My Favorite Supplement (HINT: It’s not another pill)
You might be hearing a lot of chatter around bone broth these days – is it hype? Is it healthy? Does it actually have bones in it?
For hundreds of years, people have been making broth from the bones and other, less used parts, of animals we eat, and this broth, is literally a liquid vitamin.
When vinegar is added, the broth becomes medicinal as the acid releases minerals, proteins and other essential nutrients from within the bones and cartilage.
This medicinal broth is especially beneficial for healing and nourishing the gastrointestinal tract, protecting our joints, maintaining the elasticity of our skin, supporting our natural detox pathways and also for muscle repair.
Some of the major nutrients included are glucosamine, hyaluronic acid, chondroitin, electrolytes, collagen and various amino acids – I mean, why take capsules or tablets, when you can sip on some delicious broth?
If you need some other ideas on how to include bone broth into your daily routine, it’s the perfect base for making soup, you can use it in place of water to cook grains or beans or simply add salt and sip it like tea.
This is especially nice in the winter or if you're feeling a little under the weather.
So how do you get your hands on this liquid vitamin?
There are more and more companies packaging bone broth, so you might actually be able to find it at your local grocery store. Sometimes it’s boxed, and sometimes it’s frozen. Just be sure that it’s organic, and if you choose beef bone broth, be sure it’s grass-fed.
The sign of a really good bone broth is how thick it is – the thicker it is, the more collagen and other healthy nutrients are present.
If you have the time and equipment, I HIGHLY recommend that you make it at home – the quality will be much higher and the cost will be much cheaper.
Bones – 3-4 lb
- From poultry, beef, lamb, fish or shellfish
- Cooked remnants of a previous meal, with or without skin and meat
- Raw bones, with or without skin and meat (raw bones and meat may be browned first in the oven, or in the bottom of the stockpot to enhance flavor and color)

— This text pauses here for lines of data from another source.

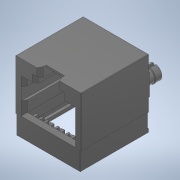
# Autodesk Inventor part: RJ45 Main Insert
Saved by Autodesk Inventor 2020.1 (Build 241239000, 239)
## iProperties
Created: 2019-12-05
Part Number: RJ45 Main Insert
Material: PBT Plastic
Document SubType Name: Modeling
Designer: S. Lee
Mass: 2.00676 g
Surface Area: 24.163 cm^2
Volume: 1.53188 cm^3
Density: 1.31 g/cm^3
Appearance: Smooth - Black
Author: S. Lee
Autodesk Inventor part; units mm, degrees
ref_plane "YZ Plane" through (0, 0, 0) normal (1, 0, 0) x (0, 1, 0)
ref_plane "XZ Plane" through (0, 0, 0) normal (0, 1, 0) x (-1, 0, 0)
ref_plane "XY Plane" through (0, 0, 0) normal (0, 0, 1) x (1, 0, 0)
sketch "Sketch1" plane through (0, 0, 0) normal (0, 0, 1) x (1, 0, 0)
  line L0 (-7.75, 8.125) -> (7.75, 8.125)
  line L1 (7.75, 8.125) -> (7.75, -3.775)
  line L2 (7.54, -8.125) -> (-7.54, -8.125)
  line L3 (-7.75, -3.775) -> (-7.75, 8.125)
  line L4 (-7.75, -3.775) -> (-7.54, -3.775)
  line L5 (-7.54, -3.775) -> (-7.54, -8.125)
  line L6 (7.75, -3.775) -> (7.54, -3.775)
  line L7 (7.54, -3.775) -> (7.54, -8.125)
  line L8 (0, -11.375) -> (0, 11.375) construction
  line L9 (-10.85, 0) -> (10.85, 0) construction
  dimension "d5" = 16.25
  dimension "d6" = 15.5
  dimension "d7" = 15.08
  dimension "d8" = 4.35
  constraints: 16 end point, 3 horizontal, 3 perpendicular, 2 parallel, 1 point on line, 3 other
  measures "d5" distance between parallel lines of L2 L0
  measures "d6" distance between parallel lines of L1 L3
  measures "d7" distance between parallel lines of L7 L5
  measures "d8" distance between parallel lines of L2 L4
extrude "Extrusion1" add sketch "Sketch1" against normal blind 16
sketch "Sketch2" plane through (0, 0, 0) normal (0, 0, 1) x (1, 0, 0)
  line L0 (5.925, -3.125) -> (-5.925, -3.125)
  line L1 (3.32, 4.125) -> (3.32, 5.825)
  line L2 (3.32, 5.825) -> (-3.32, 5.825)
  line L3 (-3.32, 5.825) -> (-3.32, 4.125)
  line L4 (-5.925, 4.125) -> (-3.32, 4.125)
  line L5 (3.32, 4.125) -> (5.925, 4.125)
  line L6 (-5.925, 2.325) -> (-6.425, 2.325)
  line L7 (-6.425, 2.325) -> (-6.425, -0.525)
  line L8 (-6.425, -0.525) -> (-5.925, -0.525)
  line L9 (5.925, 2.325) -> (6.425, 2.325)
  line L10 (6.425, 2.325) -> (6.425, -0.525)
  line L11 (6.425, -0.525) -> (5.925, -0.525)
  line L12 (-5.925, -3.125) -> (-5.925, -0.525)
  line L13 (-5.925, 2.325) -> (-5.925, 4.125)
  line L14 (5.925, 4.125) -> (5.925, 2.325)
  line L15 (5.925, -0.525) -> (5.925, -3.125)
  line L16 (0, -11.375) -> (0, 11.375) construction
  line L17 (-7.54, -8.125) -> (7.54, -8.125) construction
  point P0 (0, 0)
  dimension "d12" = 6.64
  dimension "d13" = 12.85
  dimension "d14" = 11.85
  dimension "d15" = 7.25
  dimension "d16" = 2.85
  dimension "d17" = 2.6
  dimension "d18" = 8.95
  dimension "d19" = 5
  constraints: 32 end point, 9 parallel, 6 perpendicular, 4 horizontal, 3 collinear, 2 point on line, 3 other
  measures "d12" distance between parallel lines of L1 L3
  measures "d13" distance between parallel lines of L10 L7
  measures "d14" distance between parallel lines of L15 L12
  measures "d15" distance between parallel lines of L0 L4
  measures "d16" distance between parallel lines of L8 L6
  measures "d17" distance between parallel lines of L0 L8
  measures "d18" distance between parallel lines of L0 L2
  measures "d19" distance between parallel lines of L17 L0
extrude "Extrusion2" cut sketch "Sketch2" against normal blind 12.7
sketch "Sketch3" plane through (0, 0, 0) normal (0, 0, 1) x (1, 0, 0)
  line L0 (-7.75, 8.125) -> (7.75, 8.125) construction
  line L1 (-3.32, 5.825) -> (3.32, 5.825) construction
  line L2 (-2.18, 8.125) -> (2.18, 8.125)
  line L3 (2.18, 8.125) -> (2.18, 5.825)
  line L4 (2.18, 5.825) -> (-2.18, 5.825)
  line L5 (-2.18, 5.825) -> (-2.18, 8.125)
  line L6 (0, -11.375) -> (0, 11.375) construction
  point P0 (0, 0)
  dimension "d22" = 4.36
  constraints: 8 end point, 2 parallel, 2 point on line, 1 horizontal, 1 perpendicular, 1 other
  measures "d22" distance of L3.end L4.end
extrude "Extrusion3" cut sketch "Sketch3" against normal blind 1.65
chamfer "Chamfer1" distance 0.5 distance2 1 1 edges at (0, -3.125, 0) measured on face at (0, -3.625, 0)
chamfer "Chamfer2" distance 0.5 distance2 1 2 edges at (-5.925, -3.375, 0) (-5.925, -1.825, 0) measured on face at (-6.425, -1.825, 0) measured on face at (-6.425, -3.375, 0)
chamfer "Chamfer3" distance 0.5 distance2 1 1 edges at (-5.925, 3.225, 0) measured on face at (-6.425, 3.225, 0)
chamfer "Chamfer4" distance 0.5 distance2 1 2 edges at (-6.175, 4.125, 0) (-4.6225, 4.125, 0) measured on face at (-4.6225, 4.625, 0) measured on face at (-6.175, 4.625, 0)
chamfer "Chamfer5" distance 0.5 distance2 1 1 edges at (-3.32, 5.225, 0) measured on face at (-3.82, 5.225, 0)
chamfer "Chamfer6" distance 0.5 distance2 1 2 edges at (-3.57, 5.825, 0) (-2.75, 5.825, 0) measured on face at (-2.75, 6.325, 0) measured on face at (-3.57, 6.325, 0)
chamfer "Chamfer7" distance 0.5 distance2 1 1 edges at (-2.18, 7.225, 0) measured on face at (-2.68, 7.225, 0)
chamfer "Chamfer8" distance 0.5 distance2 1 1 edges at (2.18, 6.975, 0) measured on face at (2.68, 6.975, 0)
chamfer "Chamfer9" distance 0.5 distance2 1 1 edges at (3, 5.825, 0)
chamfer "Chamfer10" distance 0.5 distance2 1 2 edges at (3.32, 6.0749, 0) (3.32, 4.975, 0) measured on face at (3.82, 6.0749, 0) measured on face at (3.82, 4.975, 0)
chamfer "Chamfer11" distance 0.5 distance2 1 1 edges at (4.8725, 4.125, 0) measured on face at (4.8725, 4.625, 0)
chamfer "Chamfer12" distance 0.5 distance2 1 2 edges at (5.925, 4.375, 0) (5.925, 3.225, 0) measured on face at (6.425, 3.225, 0) measured on face at (6.425, 4.375, 0)
chamfer "Chamfer13" distance 0.5 distance2 1 2 edges at (5.925, -1.825, 0) (5.925, -3.375, 0) measured on face at (6.425, -3.375, 0) measured on face at (6.425, -1.825, 0)
sketch "Sketch4" plane through (0, 0, -1.65) normal (0, 0, 1) x (1, 0, 0)
  line L0 (2.18, 5.825) -> (-2.18, 5.825) construction
  line L1 (-2.18, 7.695) -> (2.18, 7.695)
  line L2 (2.18, 7.695) -> (2.18, 5.825)
  line L3 (2.18, 5.825) -> (-2.18, 5.825)
  line L4 (-2.18, 5.825) -> (-2.18, 7.695)
  line L5 (-2.18, 5.825) -> (-2.18, 8.125) construction
  line L6 (2.18, 8.125) -> (2.18, 5.825) construction
  point P0 (0, 0)
  dimension "d64" = 1.87
  constraints: 8 end point, 2 collinear, 2 parallel, 1 horizontal, 1 perpendicular, 1 point on line
  measures "d64" distance between parallel lines of L0 L1
extrude "Extrusion4" cut sketch "Sketch4" against normal blind 1
sketch "Sketch5" plane through (0, 0, -2.65) normal (0, 0, 1) x (1, 0, 0)
  line L0 (2.18, 5.825) -> (-2.18, 5.825) construction
  line L1 (-2.18, 5.825) -> (2.18, 5.825)
  line L2 (2.18, 5.825) -> (2.18, 7.375)
  line L3 (2.18, 7.375) -> (-2.18, 7.375)
  line L4 (-2.18, 7.375) -> (-2.18, 5.825)
  line L5 (-2.18, 5.825) -> (-2.18, 7.695) construction
  line L6 (2.18, 7.695) -> (2.18, 5.825) construction
  point P0 (0, 0)
  dimension "d67" = 1.55
  constraints: 8 end point, 2 collinear, 2 parallel, 1 horizontal, 1 perpendicular, 1 point on line
  measures "d67" distance of L2.end L1.end
extrude "Extrusion5" cut sketch "Sketch5" against normal blind 3
chamfer "Chamfer14" distance 0.32 distance2 0.95 1 edges at (0, 7.375, -2.65) measured on face at (0, 7.475, -2.65)
sketch "Sketch6" plane through (0, 0, -16) normal (0, 0, -1) x (-1, 0, 0)
  line L0 (3.99, 7.025) -> (3.99, -0.65)
  line L1 (-3.99, -0.65) -> (-3.99, 7.025)
  line L2 (6.425, -8.125) -> (-6.425, -8.125)
  line L3 (-6.425, -0.65) -> (-3.99, -0.65)
  line L4 (3.99, -0.65) -> (6.425, -0.65)
  line L5 (0, -11.375) -> (0, 11.375) construction
  line L6 (7.75, 8.125) -> (-7.75, 8.125) construction
  line L7 (3.99, 7.025) -> (-3.99, 7.025)
  line L8 (-6.425, -5.925) -> (-7.06, -5.925)
  line L9 (-7.06, -5.925) -> (-7.06, -7.325)
  line L10 (-7.06, -7.325) -> (-6.425, -7.325)
  line L11 (6.425, -5.925) -> (7.06, -5.925)
  line L12 (7.06, -5.925) -> (7.06, -7.325)
  line L13 (7.06, -7.325) -> (6.425, -7.325)
  line L14 (-6.425, -8.125) -> (-6.425, -7.325)
  line L15 (-6.425, -5.925) -> (-6.425, -0.65)
  line L16 (6.425, -0.65) -> (6.425, -5.925)
  line L17 (6.425, -7.325) -> (6.425, -8.125)
  line L18 (-7.54, -8.125) -> (7.54, -8.125) construction
  point P0 (0, 0)
  dimension "d75" = 7.98
  dimension "d81" = 12.85
  dimension "d82" = 14.12
  dimension "d83" = 1.4
  dimension "d84" = 0.8
  dimension "d85" = 7.675
  dimension "d86" = 1.1
  constraints: 32 end point, 9 parallel, 6 perpendicular, 4 collinear, 4 horizontal, 2 point on line, 3 other
  measures "d75" distance between parallel lines of L0 L1
  measures "d81" distance between parallel lines of L16 L15
  measures "d82" distance between parallel lines of L12 L9
  measures "d83" distance between parallel lines of L10 L8
  measures "d84" distance between parallel lines of L2 L10
  measures "d85" distance between parallel lines of L3 L7
  measures "d86" distance between parallel lines of L6 L7
extrude "Extrusion6" cut sketch "Sketch6" against normal blind 1.2
sketch "Sketch8" plane through (0, 0, -14.8) normal (0, 0, -1) x (-1, 0, 0)
  line L0 (6.425, -8.125) -> (-6.425, -8.125) projected
  line L1 (-6.425, -8.125) -> (-6.425, -7.325) projected
  line L2 (-7.06, -7.325) -> (-7.06, -5.925) projected
  line L3 (-6.425, -5.925) -> (-6.425, -0.65) projected
  line L4 (-7.06, -5.925) -> (-6.425, -5.925) projected
  line L5 (6.425, -5.925) -> (7.06, -5.925) projected
  line L6 (6.425, -0.65) -> (6.425, -5.925) projected
  line L7 (7.06, -5.925) -> (7.06, -7.325) projected
  line L8 (6.425, -7.325) -> (6.425, -8.125) projected
  line L9 (-6.425, -7.325) -> (-7.06, -7.325) projected
  line L10 (7.06, -7.325) -> (6.425, -7.325) projected
  line L11 (-6.425, -3.125) -> (6.425, -3.125)
  point P0 (0, 0)
  dimension "d87" = 5
  constraints: 2 end point, 2 point on line, 1 perpendicular
  measures "d87" distance between parallel lines of L0 L11
extrude "Extrusion7" cut sketch "Sketch8" against normal blind 10.9
sketch "Sketch9" plane through (0, 0, -3.9) normal (0, 0, -1) x (-1, 0, 0)
  line L0 (-5.925, -3.125) -> (5.925, -3.125) projected
  line L1 (-7.06, -5.925) -> (-6.425, -5.925) projected
  line L2 (-7.06, -7.325) -> (-7.06, -5.925) projected
  line L3 (-6.425, -7.325) -> (-7.06, -7.325) projected
  line L4 (-6.425, -8.125) -> (-6.425, -7.325) projected
  line L5 (6.425, -8.125) -> (-6.425, -8.125) projected
  line L6 (6.425, -7.325) -> (6.425, -8.125) projected
  line L7 (7.06, -7.325) -> (6.425, -7.325) projected
  line L8 (7.06, -5.925) -> (7.06, -7.325) projected
  line L9 (6.425, -5.925) -> (7.06, -5.925) projected
  line L10 (6.425, -3.125) -> (6.425, -5.925) projected
  line L11 (5.925, -3.125) -> (6.425, -3.125) projected
  line L12 (-5.925, -3.125) -> (5.925, -3.125) projected
  line L13 (-6.425, -3.125) -> (-5.925, -3.125) projected
  line L14 (-6.425, -5.925) -> (-6.425, -3.125) projected
  line L15 (-6.425, -7.325) -> (6.425, -7.325)
  point P0 (0, 0)
  point P1 (5.925, -3.125)
  constraints: 2 end point, 1 horizontal
extrude "Extrusion8" cut sketch "Sketch9" against normal blind 2.9 contours L0 L11 L10 L9 L8 L7 L15 L3 L2 L1 L14 L13
sketch "Sketch10" plane through (0, 0, -14.8) normal (0, 0, -1) x (-1, 0, 0)
  line L0 (-3.99, 7.025) -> (3.99, 7.025) projected
  line L1 (3.99, 7.025) -> (3.99, -0.65) projected
  line L2 (-3.99, 7.025) -> (3.99, 7.025)
  line L3 (3.99, 7.025) -> (3.99, 5.825)
  line L4 (3.99, 5.825) -> (-3.99, 5.825)
  line L5 (-3.99, 5.825) -> (-3.99, 7.025)
  point P0 (0, 0)
  dimension "d92" = 1.2
  constraints: 8 end point, 2 parallel, 1 horizontal, 1 perpendicular, 1 point on line
  measures "d92" distance between parallel lines of L4 L0
extrude "Extrusion9" cut sketch "Sketch10" against normal blind 11.2
sketch "Sketch11" plane through (0, 0, -12.7) normal (0, 0, 1) x (1, 0, 0)
  line L0 (6.425, -3.125) -> (-6.425, -3.125) projected
  line L1 (-4.67, -3.125) -> (-4.22, -3.125)
  line L2 (-4.22, -3.125) -> (-4.22, 1.225)
  line L3 (-4.22, 1.225) -> (-4.67, 1.225)
  line L4 (-4.67, 1.225) -> (-4.67, -3.125)
  line L5 (-7.75, -3.775) -> (-7.75, 8.125) projected
  line L6 (-3.4, -3.125) -> (-2.95, -3.125)
  line L7 (-2.95, -3.125) -> (-2.95, 1.225)
  line L8 (-2.95, 1.225) -> (-3.4, 1.225)
  line L9 (-3.4, 1.225) -> (-3.4, -3.125)
  line L10 (-2.13, -3.125) -> (-1.68, -3.125)
  line L11 (-1.68, -3.125) -> (-1.68, 1.225)
  line L12 (-1.68, 1.225) -> (-2.13, 1.225)
  line L13 (-2.13, 1.225) -> (-2.13, -3.125)
  line L14 (-0.86, -3.125) -> (-0.41, -3.125)
  line L15 (-0.41, -3.125) -> (-0.41, 1.225)
  line L16 (-0.41, 1.225) -> (-0.86, 1.225)
  line L17 (-0.86, 1.225) -> (-0.86, -3.125)
  line L18 (0.41, -3.125) -> (0.86, -3.125)
  line L19 (0.86, -3.125) -> (0.86, 1.225)
  line L20 (0.86, 1.225) -> (0.41, 1.225)
  line L21 (0.41, 1.225) -> (0.41, -3.125)
  line L22 (1.68, -3.125) -> (2.13, -3.125)
  line L23 (2.13, -3.125) -> (2.13, 1.225)
  line L24 (2.13, 1.225) -> (1.68, 1.225)
  line L25 (1.68, 1.225) -> (1.68, -3.125)
  line L26 (2.95, -3.125) -> (3.4, -3.125)
  line L27 (3.4, -3.125) -> (3.4, 1.225)
  line L28 (3.4, 1.225) -> (2.95, 1.225)
  line L29 (2.95, 1.225) -> (2.95, -3.125)
  line L30 (4.22, -3.125) -> (4.67, -3.125)
  line L31 (4.67, -3.125) -> (4.67, 1.225)
  line L32 (4.67, 1.225) -> (4.22, 1.225)
  line L33 (4.22, 1.225) -> (4.22, -3.125)
  point P0 (0, 0)
  dimension "d95" = 0.45
  dimension "d96" = 4.35
  dimension "d97" = 3.08
  dimension "d100" = 1.27
  constraints: 64 end point, 2 horizontal, 2 parallel, 1 perpendicular, 1 point on line, 56 other
  measures "d95" distance of L3.end L2.end
  measures "d96" distance of L1.end L2.end
  measures "d97" distance between parallel lines of L5 L4
  measures "d100" distance of L1.start L6.start
extrude "Extrusion10" cut sketch "Sketch11" against normal up to surface (2.1 mm away)
chamfer "Chamfer15" distance 0.9 distance2 2.1 1 edges at (3.81, -3.125, -14.8) measured on face at (3.81, -2.625, -14.8)
chamfer "Chamfer16" distance 0.9 distance2 2.1 1 edges at (2.54, -3.125, -14.8) measured on face at (2.54, -2.625, -14.8)
chamfer "Chamfer17" distance 0.9 distance2 2.1 1 edges at (1.27, -3.125, -14.8) measured on face at (1.27, -2.625, -14.8)
chamfer "Chamfer18" distance 0.9 distance2 2.1 1 edges at (0, -3.125, -14.8) measured on face at (0, -2.625, -14.8)
chamfer "Chamfer19" distance 0.9 distance2 2.1 1 edges at (-1.27, -3.125, -14.8) measured on face at (-1.27, -2.625, -14.8)
chamfer "Chamfer20" distance 0.9 distance2 2.1 1 edges at (-2.54, -3.125, -14.8) measured on face at (-2.54, -2.625, -14.8)
chamfer "Chamfer21" distance 0.9 distance2 2.1 1 edges at (-3.81, -3.125, -14.8) measured on face at (-3.81, -2.625, -14.8)
chamfer "Chamfer22" distance 0.9 distance2 2.1 1 edges at (1.905, 1.225, -14.8) measured on face at (1.905, 1.725, -14.8)
chamfer "Chamfer23" distance 0.9 distance2 2.1 1 edges at (3.175, 1.225, -14.8) measured on face at (3.175, 1.725, -14.8)
chamfer "Chamfer24" distance 0.9 distance2 2.1 1 edges at (0.635, 1.225, -14.8) measured on face at (0.635, 1.725, -14.8)
chamfer "Chamfer25" distance 0.9 distance2 2.1 1 edges at (-0.635, 1.225, -14.8) measured on face at (-0.635, 1.725, -14.8)
chamfer "Chamfer26" distance 0.9 distance2 2.1 1 edges at (-1.905, 1.225, -14.8) measured on face at (-1.905, 1.725, -14.8)
chamfer "Chamfer27" distance 0.9 distance2 2.1 1 edges at (-3.175, 1.225, -14.8) measured on face at (-3.175, 1.725, -14.8)
sketch "Sketch12" plane through (-4.67, -3.125, -12.7) normal (1, 0, 0) x (0, 0, -1)
  line L0 (0, 4.35) -> (2.1, 5.25) projected
  line L1 (2.1, 5.25) -> (2.1, 2.475)
  line L2 (2.1, 2.475) -> (0, 2.475)
  line L3 (0, 2.475) -> (0, 4.35)
  line L4 (3.3, 2.475) -> (2.1, 2.475) construction
  point P0 (-12.7, 3.125)
  constraints: 6 end point, 2 perpendicular, 1 collinear, 1 vertical
extrude "Extrusion11" cut sketch "Sketch12" along normal up to surface (0.45 mm away)
sketch "Sketch13" plane through (4.22, -0.65, -14.8) normal (1, 0, 0) x (0, 0, -1)
  line L0 (-2.1, 1.875) -> (0, 2.775) projected
  line L1 (1.2, 0) -> (0, 0) projected
  line L2 (0, 2.775) -> (0, 0)
  line L3 (0, 0) -> (-2.1, 0)
  line L4 (-2.1, 1.875) -> (-2.1, -2.475) projected
  line L5 (-2.1, 0) -> (-2.1, 1.875)
  point P0 (-14.8, 0.65)
  constraints: 6 end point, 2 perpendicular, 1 collinear
extrude "Extrusion12" cut sketch "Sketch13" along normal up to surface (0.45 mm away)
sketch "Sketch14" plane through (0, 0, -16) normal (0, 0, -1) x (-1, 0, 0)
  line L0 (-7.75, -3.775) -> (-7.75, 8.125) construction
  line L1 (-7.75, 4.3) -> (-5.85, 4.3)
  line L2 (-5.85, 4.3) -> (-5.85, -0.65)
  line L3 (-5.85, -0.65) -> (-7.75, -0.65)
  line L4 (-7.75, -0.65) -> (-7.75, 4.3)
  line L5 (-6.425, -0.65) -> (-3.99, -0.65) construction
  arc A0 (-5.85, 0.2558) -> (-5.85, 3.3942) centre (-5.715, 1.825) ccw
  point P0 (0, 0)
  dimension "d150" = 1.9
  dimension "d151" = 4.95
  dimension "d154" = 2.475
  dimension "d157" = 1.575
  dimension "d158" = 2.035
  constraints: 6 end point, 2 horizontal, 2 point on circle, 1 centre point, 1 collinear, 1 parallel, 1 point on line, 1 vertical, 5 other
  measures "d150" distance of L3.start L3.end
  measures "d151" distance of L1.end L3.start
  measures "d154" distance from line of L1 A0.centre
  measures "d157" radius of A0
  measures "d158" distance from line of L0 A0.centre
extrude "Extrusion13" add sketch "Sketch14" along normal blind 0.2
sketch "Sketch15" plane through (0, 0, -16.2) normal (0, 0, -1) x (-1, 0, 0)
  arc A0 (-5.85, 0.2558) -> (-5.85, 3.3942) centre (-5.715, 1.825) ccw projected
  circle A1 centre (-5.715, 1.825) radius 1.575
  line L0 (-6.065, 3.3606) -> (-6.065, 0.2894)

- Use a whole carcass or just parts (good choices include feet, ribs, necks and knuckles)
Vegetables – 1-2 lb
- Peelings, ends, tops and skins or entire vegetables may be used
- Celery, carrots, onions, garlic and parsley are most traditional, but any will do
- NOTE: If added towards the end of cooking, nutrient content will be higher
- Any type, but my favorite is raw apple cider vinegar – add 2 tablespoons per 1 quart water
- Cold, filtered water to cover
1. Combine all ingredients in a large stainless steel pot or pressure cooker.
2. Bring to a boil and remove any scum that has risen to the top.
3. Reduce heat, cover and simmer 6–24 hours (3-12 hours if using a pressure cooker).
4. To reduce cooking time, smash or cut bones into small pieces before cooking. If desired, add vegetables in last half hour of cooking.
5. Strain through a colander or sieve lined with cheesecloth for a clearer broth. If uncooked meat was used to start with, reserve the meat for soup or salads.
6. If you wish to remove the fat, use a gravy separator while the broth is warm or skim the fat off the top once refrigerated. Cold broth will gel when sufficient gelatin is present.
Broth may be frozen for months or kept in the refrigerator for about 5 days.